Note: This is of course all unofficial stuff. On
production systems, only NetApp support/personnel
with a valid support case should be using commands to manipulate the
CDB like we do here. Only the absolute minimum required amount of CDB modification
is done to get the node back into quorum.
To
demonstrate this, I have a 2-node cluster (C91) with nodes C91-01 and C91-02.

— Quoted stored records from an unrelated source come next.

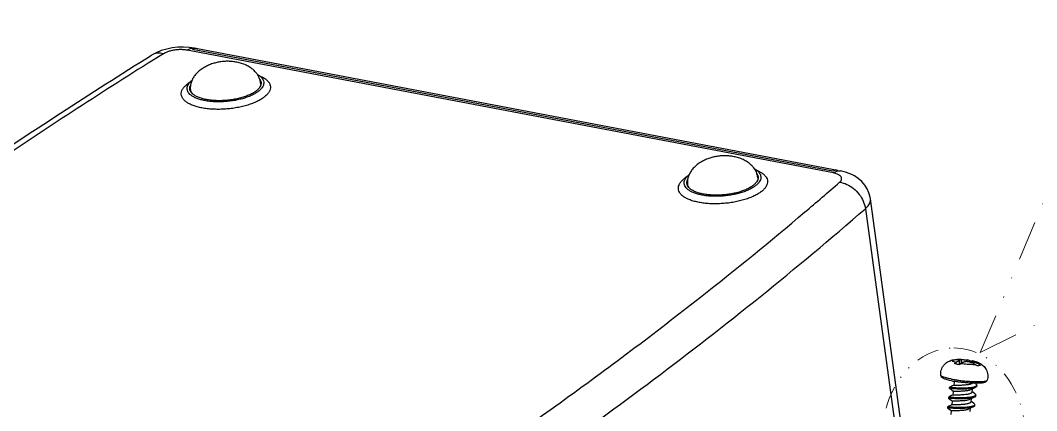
# Model space of a CAD drawing. Header units: millimetres. Extents: x -2947 to 97, y -3022 to 322.
# Drawn here: x -1333.1 to -1219.6, y -1985.8 to -1942.2 of the extents above; entities that cross this region are included whole.
import ezdxf

# ---------------------------------------------------------------- set-up
doc = ezdxf.new("R2010")
doc.units = ezdxf.units.MM
doc.linetypes.add('DIVIDE', pattern=[31.75, 12.7, -6.35, 0, -6.35, 0, -6.35])
doc.layers.get('0').update_dxf_attribs({"linetype": 'CONTINUOUS'})
doc.layers.add('hatch', color=56, linetype='CONTINUOUS', lineweight=9)

msp = doc.modelspace()

# ---------------------------------------------------------------- linework, layer by layer
at = {"color": 7}
for p, q in [((-1317.937989654641, -1945.818098040418), (-1318.452505627741, -1946.097686679018)), ((-1317.346911251741, -1945.578228917918), (-1317.937989654641, -1945.818098040418)), ((-1316.743306958141, -1945.401408713418), (-1317.346911251741, -1945.578228917918)), ((-1316.127681498341, -1945.278785100118), (-1316.743306958141, -1945.401408713418)), ((-1315.501394531841, -1945.206817309818), (-1316.127681498341, -1945.278785100118)), ((-1314.866492308741, -1945.185705796118), (-1315.501394531841, -1945.206817309818)), ((-1314.224937586341, -1945.219159030618), (-1314.866492308741, -1945.185705796118)), ((-1242.275102930341, -1959.255347282018), (-1314.452057698641, -1945.528279914118)), ((-1313.647309736441, -1945.301607271918), (-1314.224937586341, -1945.219159030618)), ((-1242.335906062141, -1959.035380988618), (-1313.850082766341, -1945.434364922818)), ((-1313.328541596141, -1945.362214539418), (-1313.647527083041, -1945.301547872518)), ((-1241.806136865441, -1958.964795463018), (-1313.311962414841, -1945.365367672418)), ((-1318.452164970541, -1946.097435886518), (-1318.452522977041, -1946.097658827118)), ((-1306.251936836641, -1949.217896459418), (-1306.231366055641, -1949.406518413818)), ((-1314.102714395741, -1949.922097702218), (-1314.089675485541, -1950.107296921618)), ((-1241.789557683941, -1958.967948596018), (-1241.470380236041, -1959.028651795518)), ((-1240.927224111341, -1959.159465901218), (-1241.470383562141, -1959.028669193018)), ((-1240.395391495441, -1959.349391847218), (-1240.927224111341, -1959.159465901218)), ((-1239.919035457241, -1959.586267604218), (-1240.395391495441, -1959.349391847218)), ((-1239.486569202641, -1959.874524260118), (-1239.919035457241, -1959.586267604218)), ((-1258.574059543041, -1960.482886647418), (-1258.561020632841, -1960.668085866818)), ((-1250.723281983941, -1959.778685404618), (-1250.702711202941, -1959.967307359018)), ((-1239.098486663641, -1960.216829230318), (-1239.486569202641, -1959.874524260118)), ((-1238.765655476041, -1960.607131870318), (-1239.098486663641, -1960.216829230318)), ((-1238.497254873741, -1961.034512977418), (-1238.765655476041, -1960.607131870318)), ((-1238.298318476541, -1961.486335621718), (-1238.497254873741, -1961.034512977418)), ((-1238.170303733141, -1961.948400054918), (-1238.298318476541, -1961.486335621718)), ((-1238.135549562741, -1962.153895966618), (-1238.170303733141, -1961.948400054918)), ((-1234.519748899541, -1988.504144449118), (-1238.135472397541, -1962.154157787718)), ((-1238.698719797341, -1963.247719406518), (-1235.085843652641, -1989.580407286118)), ((-1228.225874142341, -1980.263121302518), (-1228.218194078441, -1980.661795845518)), ((-1228.156682690241, -1980.666210185418), (-1228.148662693141, -1980.208828293318)), ((-1228.006312692741, -1980.110177855918), (-1227.969492669541, -1980.528912449318)), ((-1227.335651675841, -1980.157670306018), (-1227.377924720941, -1980.346040380318)), ((-1226.913489385941, -1980.442290965418), (-1226.859699031341, -1980.334909651018)), ((-1226.855375790641, -1980.464581428318), (-1226.818475981741, -1980.271317042218)), ((-1226.594828475441, -1980.378622804818), (-1226.648557825241, -1980.551109559318)), ((-1229.302378310641, -1983.217275443718), (-1229.313943517841, -1983.328100522318)), ((-1229.312943349941, -1983.329508229018), (-1229.313943517841, -1983.328100522318)), ((-1229.312943349941, -1983.329508229018), (-1229.162490796441, -1983.437096219918)), ((-1229.302378310641, -1983.217275443718), (-1229.301108941441, -1983.216104515418)), ((-1229.134673425041, -1983.143210479618), (-1229.301108941441, -1983.216104515418)), ((-1229.162490796441, -1983.437096219918), (-1228.998482142241, -1983.555091922318)), ((-1228.949863421841, -1983.061643307318), (-1229.134673425041, -1983.143210479618)), ((-1228.816095000141, -1983.002020477418), (-1228.949863421841, -1983.061643307318)), ((-1228.770648163441, -1982.553848901118), (-1228.817560524941, -1983.003392610018)), ((-1228.810020955241, -1983.000575753318), (-1228.811163239441, -1983.003517221818)), ((-1228.794495430641, -1982.537371475218), (-1228.769497383941, -1982.555494136918)), ((-1226.910359504941, -1983.457093639218), (-1226.766947162541, -1983.393229677618)), ((-1226.766947162541, -1983.393229677618), (-1226.805335541141, -1983.761091228918)), ((-1226.766947162541, -1983.393229677618), (-1226.598906445341, -1983.319054002718)), ((-1226.598906445341, -1983.319054002718), (-1226.431336659341, -1983.245659663318)), ((-1226.385816850741, -1982.809468196918), (-1226.448683595641, -1982.764514789318)), ((-1226.273605393841, -1983.097664686218), (-1226.262040186641, -1982.986839607718)), ((-1229.415460336741, -1984.300898434218), (-1229.427025544041, -1984.411723512718)), ((-1229.426025376041, -1984.413131219518), (-1229.427025544041, -1984.411723512718)), ((-1229.426025376041, -1984.413131219518), (-1229.275572822541, -1984.520719210418)), ((-1229.415460336741, -1984.300898434218), (-1229.414190967641, -1984.299727505818)), ((-1229.247755451141, -1984.226833470118), (-1229.414190967641, -1984.299727505818)), ((-1229.275572822541, -1984.520719210418), (-1229.111564168441, -1984.638714912818)), ((-1229.062945448041, -1984.145266297718), (-1229.247755451141, -1984.226833470118)), ((-1228.929177026341, -1984.085643467918), (-1229.062945448041, -1984.145266297718)), ((-1228.998482142241, -1983.555091922318), (-1228.882579410041, -1983.639117127318)), ((-1228.883730189541, -1983.637471891518), (-1228.930642551041, -1984.087015600518)), ((-1228.922628490141, -1984.084131085718), (-1228.924216742241, -1984.087492879818)), ((-1227.023441531141, -1984.540716629618), (-1226.880029188741, -1984.476852668018)), ((-1226.880029188741, -1984.476852668018), (-1226.918417567241, -1984.844714219418)), ((-1226.880029188741, -1984.476852668018), (-1226.711988471541, -1984.402676993218)), ((-1226.645082789241, -1983.788561121318), (-1226.796812198241, -1983.679415204918)), ((-1226.711988471541, -1984.402676993218), (-1226.544418685441, -1984.329282653818)), ((-1226.498898876941, -1983.893091187418), (-1226.645082789241, -1983.788561121318)), ((-1226.386687420041, -1984.181287676718), (-1226.375122212841, -1984.070462598118)), ((-1229.528542362941, -1985.384521424618), (-1229.540107570141, -1985.495346503218)), ((-1229.539107402241, -1985.496754209918), (-1229.540107570141, -1985.495346503218)), ((-1229.539107402241, -1985.496754209918), (-1229.388654848741, -1985.604342200818)), ((-1229.528542362941, -1985.384521424618), (-1229.527272993741, -1985.383350496318)), ((-1229.360837477341, -1985.310456460518), (-1229.527272993741, -1985.383350496318)), ((-1229.388654848741, -1985.604342200818), (-1229.224646194641, -1985.722337903218)), ((-1229.176027474141, -1985.228889288218), (-1229.360837477341, -1985.310456460518)), ((-1229.042259052441, -1985.169266458318), (-1229.176027474141, -1985.228889288218)), ((-1229.111564168441, -1984.638714912818), (-1228.995661436241, -1984.722740117718)), ((-1228.996812215741, -1984.721094881918), (-1229.043724577241, -1985.170638590918)), ((-1227.136523557241, -1985.624339620118), (-1226.993111214841, -1985.560475658518)), ((-1226.993111214841, -1985.560475658518), (-1227.031499593441, -1985.928337209818)), ((-1226.993111214841, -1985.560475658518), (-1226.825070497641, -1985.486299983618)), ((-1226.758164815341, -1984.872184111718), (-1226.909894224441, -1984.763038195418)), ((-1226.825070497641, -1985.486299983618), (-1226.657500711641, -1985.412905644218)), ((-1226.611980903041, -1984.976714177818), (-1226.758164815341, -1984.872184111718)), ((-1226.499769446241, -1985.264910667118), (-1226.488204238941, -1985.154085588618)), ((-1229.224646194641, -1985.722337903218), (-1229.108743462341, -1985.806363108218)), ((-1229.109894241841, -1985.804717872418), (-1229.156806603341, -1986.254261581318))]:
    msp.add_line(p, q, dxfattribs=at)
for centre, radius, start, end in [((-1312.082769910141, -1952.337733562118), 3.8372510203, 122.4130767224914, 126.0732643727962), ((-1308.228558516841, -1949.408186770118), 1.9858419691, 5.125856921494627, 5.498489986606718), ((-1312.123663682741, -1949.757570604318), 1.9859596144, 184.7527572932009, 185.1253832803993), ((-1256.554115057441, -1962.898522507318), 3.8372510203, 122.4130767224914, 126.0732643727962), ((-1256.595008830041, -1960.318359549418), 1.9859596144, 184.7527572931944, 185.1253832803993), ((-1252.699903665141, -1959.968975715318), 1.9858419702, 5.125856921703664, 5.498489986504222), ((-1497.782909564541, -1665.699058187318), 390.4174919992, 310.2585323835106, 311.0137111064017), ((-1228.619420291041, -1981.974113130618), 1.8296404307, 105.1904437278933, 108.2269958404996), ((-1228.809347982341, -1981.273904961318), 1.1041304901, 95.88624178350427, 105.1998062683947), ((-1228.481940372141, -1984.445158998018), 4.2922435076, 88.60915483870328, 95.89234979219668), ((-1228.437854879641, -1981.230194295118), 1.1044226151, 95.88722086090308, 103.9187119910906), ((-1228.110808850241, -1984.395945563918), 4.287022653399999, 90.48299312030464, 95.8953446548947), ((-1226.681084607541, -1971.143283268018), 9.642135107, 259.2789448254071, 261.1635548511016), ((-1228.110430132441, -1984.417017529918), 4.3080980049, 88.61514971619812, 90.4856673095023), ((-1227.571534377041, -1981.746235903618), 1.60598858, 69.64445479539935, 81.55398605129763), ((-1228.597220929841, -1984.920390336918), 4.7843539207, 63.2936350691022, 70.06870996259472), ((-1228.531933393641, -1991.042859695818), 10.8377378601, 80.97288650620044, 81.1239521603038), ((-1226.980924954441, -1981.850212676018), 1.5977935799, 75.32328414469958, 81.57088945790196), ((-1228.225776558641, -1984.876391021518), 4.7843539207, 63.2936350691022, 70.06870996259472), ((-1228.095981870741, -1986.108846564918), 5.9999881591, 71.73994021479507, 75.32628918049343), ((-1226.780688876341, -1971.069241120818), 11.6450941914, 259.2406944522022, 260.169855527301), ((-1226.722873095941, -1985.028614662818), 0.2791445677, 310.173783046921, 311.3592257593712)]:
    msp.add_arc(centre, radius, start, end, dxfattribs=at)
for centre, major_axis, ratio, start_param, end_param in [((-1313.870089890241, -1948.312993770118), (0.5350058779, 2.951994407600001), 0.5045504219, 6.2725802387, 6.6153918019), ((-1313.878852476341, -1948.311327246418), (0.5692617308999999, 2.945504872399999), 0.5201961893, 0.001536458, 0.3381167014000001), ((-1242.360270468841, -1961.913181140418), (0.5518568425, 2.94881523), 0.5123429961, 6.2734422538, 6.61825298), ((-1242.369033054841, -1961.911514616618), (0.5868599159000001, 2.9421275511), 0.5279367592, 0.0046949076, 0.3412931212)]:
    msp.add_ellipse(centre, major_axis=major_axis, ratio=ratio, start_param=start_param, end_param=end_param, dxfattribs=at)
for points, start_tangent, end_tangent in [([(-1317.110711005541, -1945.923812123718), (-1335.117601125841, -1957.604788370318), (-1351.087307032141, -1968.855336055618), (-1366.050514031141, -1980.320781491118), (-1380.558649759341, -1992.494815548718)], (-0.8489389444530727, -0.5284909352022065), (-0.75034111252771, -0.661050841350859)), ([(-1317.110711005541, -1945.923812123718), (-1317.811638228441, -1945.876017059118), (-1318.426084681341, -1946.081569060218), (-1318.452151657241, -1946.097457215618)], (-0.9719585163208545, 0.2351523815557975), (-0.848309130099883, -0.529501293472622)), ([(-1314.452057698641, -1945.528279914118), (-1314.830103533941, -1945.478343721118), (-1315.240995815041, -1945.465519663218), (-1315.664680331641, -1945.490718678818), (-1316.081800362941, -1945.552809403318), (-1316.473415023041, -1945.648937370418), (-1316.821969966541, -1945.774727414818), (-1317.110711005541, -1945.923812123718)], (-0.9824118656170905, 0.1867268761982263), (-0.8489882880273856, -0.5284116641334943)), ([(-1314.452057698641, -1945.528279914118), (-1313.944752541541, -1945.299895851018), (-1313.647914028641, -1945.303648577718)], (0.8077525518878967, 0.5895216831623675), (0.983475049140635, -0.1810437176977581)), ([(-1378.464645130741, -1989.631931796218), (-1374.251906614941, -1986.068062032418), (-1365.838546905541, -1979.232290318718), (-1357.063029203741, -1972.460917888918), (-1347.930860678241, -1965.757887021818), (-1338.447721217041, -1959.127080585718), (-1328.619464795741, -1952.572327831418), (-1318.452164970541, -1946.097435886518)], (0.7589582163184188, 0.6511393290861521), (0.8489389444515735, 0.5284909352046149)), ([(-1306.251853954641, -1949.217904347618), (-1306.273285267941, -1949.060985429418), (-1306.312079389841, -1948.887300816718), (-1306.366739583541, -1948.715357049618), (-1306.437527063341, -1948.545490468818), (-1306.524806554541, -1948.378059282218), (-1306.629017879241, -1948.213517012618), (-1306.750658720841, -1948.052421831318), (-1306.890416850941, -1947.895289862918), (-1307.049001835041, -1947.742849246618), (-1307.226502044841, -1947.596492167118), (-1307.422648213041, -1947.457740008018), (-1307.639886706641, -1947.326432632218), (-1307.880441311041, -1947.203388695018), (-1308.135648034441, -1947.094317439018), (-1308.393060397341, -1947.003519492218), (-1308.645674731241, -1946.930968720318), (-1308.893425871841, -1946.874231232818), (-1309.137345127541, -1946.831267666518), (-1309.378167666341, -1946.800663660218), (-1309.616887897341, -1946.781394159018), (-1309.854500559041, -1946.772805074818), (-1310.092021426241, -1946.774563293818), (-1310.329144913741, -1946.786537951718), (-1310.564410318441, -1946.808525654518), (-1310.798183811341, -1946.840470178618), (-1311.030825143741, -1946.882487368418), (-1311.262730484441, -1946.934884173318), (-1311.494049321041, -1946.998104487818), (-1311.724922926041, -1947.072786129818), (-1311.956913284141, -1947.160388146018), (-1312.191121700141, -1947.262830424318), (-1312.427861075241, -1947.382396514218), (-1312.667233493541, -1947.522133941718), (-1312.902158740141, -1947.681186513818)], (-0.0958190534523524, 0.9953987688336243), (-0.8077509619011276, -0.5895238617289408)), ([(-1312.902172171841, -1947.681196317618), (-1313.101987230841, -1947.837420218118), (-1313.286550162241, -1948.003327015918), (-1313.450774498541, -1948.173618469118), (-1313.595213519441, -1948.347201289418), (-1313.720477777941, -1948.523140515018), (-1313.827190415541, -1948.700630403218), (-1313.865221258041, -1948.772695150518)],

What I do is ensure epsilon is on node 2 (C91-02), then I shutdown C91-01 and
remove the two ports (network adapter 5 and 6 which map to e0e and e0f) used for
cluster ports.
Image: Removing cluster ports e0e and e0f from
the simulator
1) Gathering a few outputs and halting node 1
C91::*> version
NetApp Release 9.1: Thu Dec
22 23:05:58 UTC 2016
C91::*> cluster show
Node Health
Eligibility Epsilon
------ ------- -----------
-------
C91-01 true true
false
C91-02 true true
true
C91::*> net int show
-role cluster
Logical Status
Network Current Current
Is
Interface Admin/Oper Address/Mask Node
Port Home
---------- ----------
---------------- ------- ------- ----
C91-01_clus1 up/up 169.254.94.74/16 C91-01 e0e
true
C91-01_clus2 up/up 169.254.94.84/16 C91-01 e0f
true
C91-02_clus1 up/up 169.254.47.70/16 C91-02 e0e
true
C91-02_clus2 up/up 169.254.47.80/16 C91-02 e0f
true
C91::*> net port show
-role cluster
Node: C91-01
Speed(Mbps) Health
Port IPspace Broadcast Link
MTU Admin/Oper Status
---- ------- --------- ----
---- ----------- -------
e0e Cluster Cluster up
1500 auto/1000 healthy
e0f Cluster Cluster up
1500 auto/1000 healthy
Node: C91-02
Speed(Mbps)
Health
Port IPspace Broadcast Link
MTU Admin/Oper Status
---- ------- --------- ----
---- ----------- -------
e0e Cluster Cluster up
1500 auto/1000 healthy
e0f Cluster Cluster up
1500 auto/1000 healthy
C91::*> halt -node C91-01
2) Remove network
adapter 5 and 6 from the simulator
3) Power up node 1
4) Check cluster
quorum
Notice that node 1 (C91-01) is out-of-quorum (cluster
health = false).
C91::*> node show local
-fields node
node
------
C91-01
C91::*> cluster show
Node Health
Eligibility Epsilon
------ ------- -----------
-------
C91-01 false true false
C91-02 false true
true
Notice that node 2 (C91-02) is in quorum (cluster health
= true).
C91::*> node show local
-fields node
node
------
C91-02
C91::*> cluster show
Node Health
Eligibility Epsilon
------ ------- -----------
-------
C91-01 false true
false
C91-02 true true
true
5) Fix the problem
We modify ports e0a and e0b to be cluster ports.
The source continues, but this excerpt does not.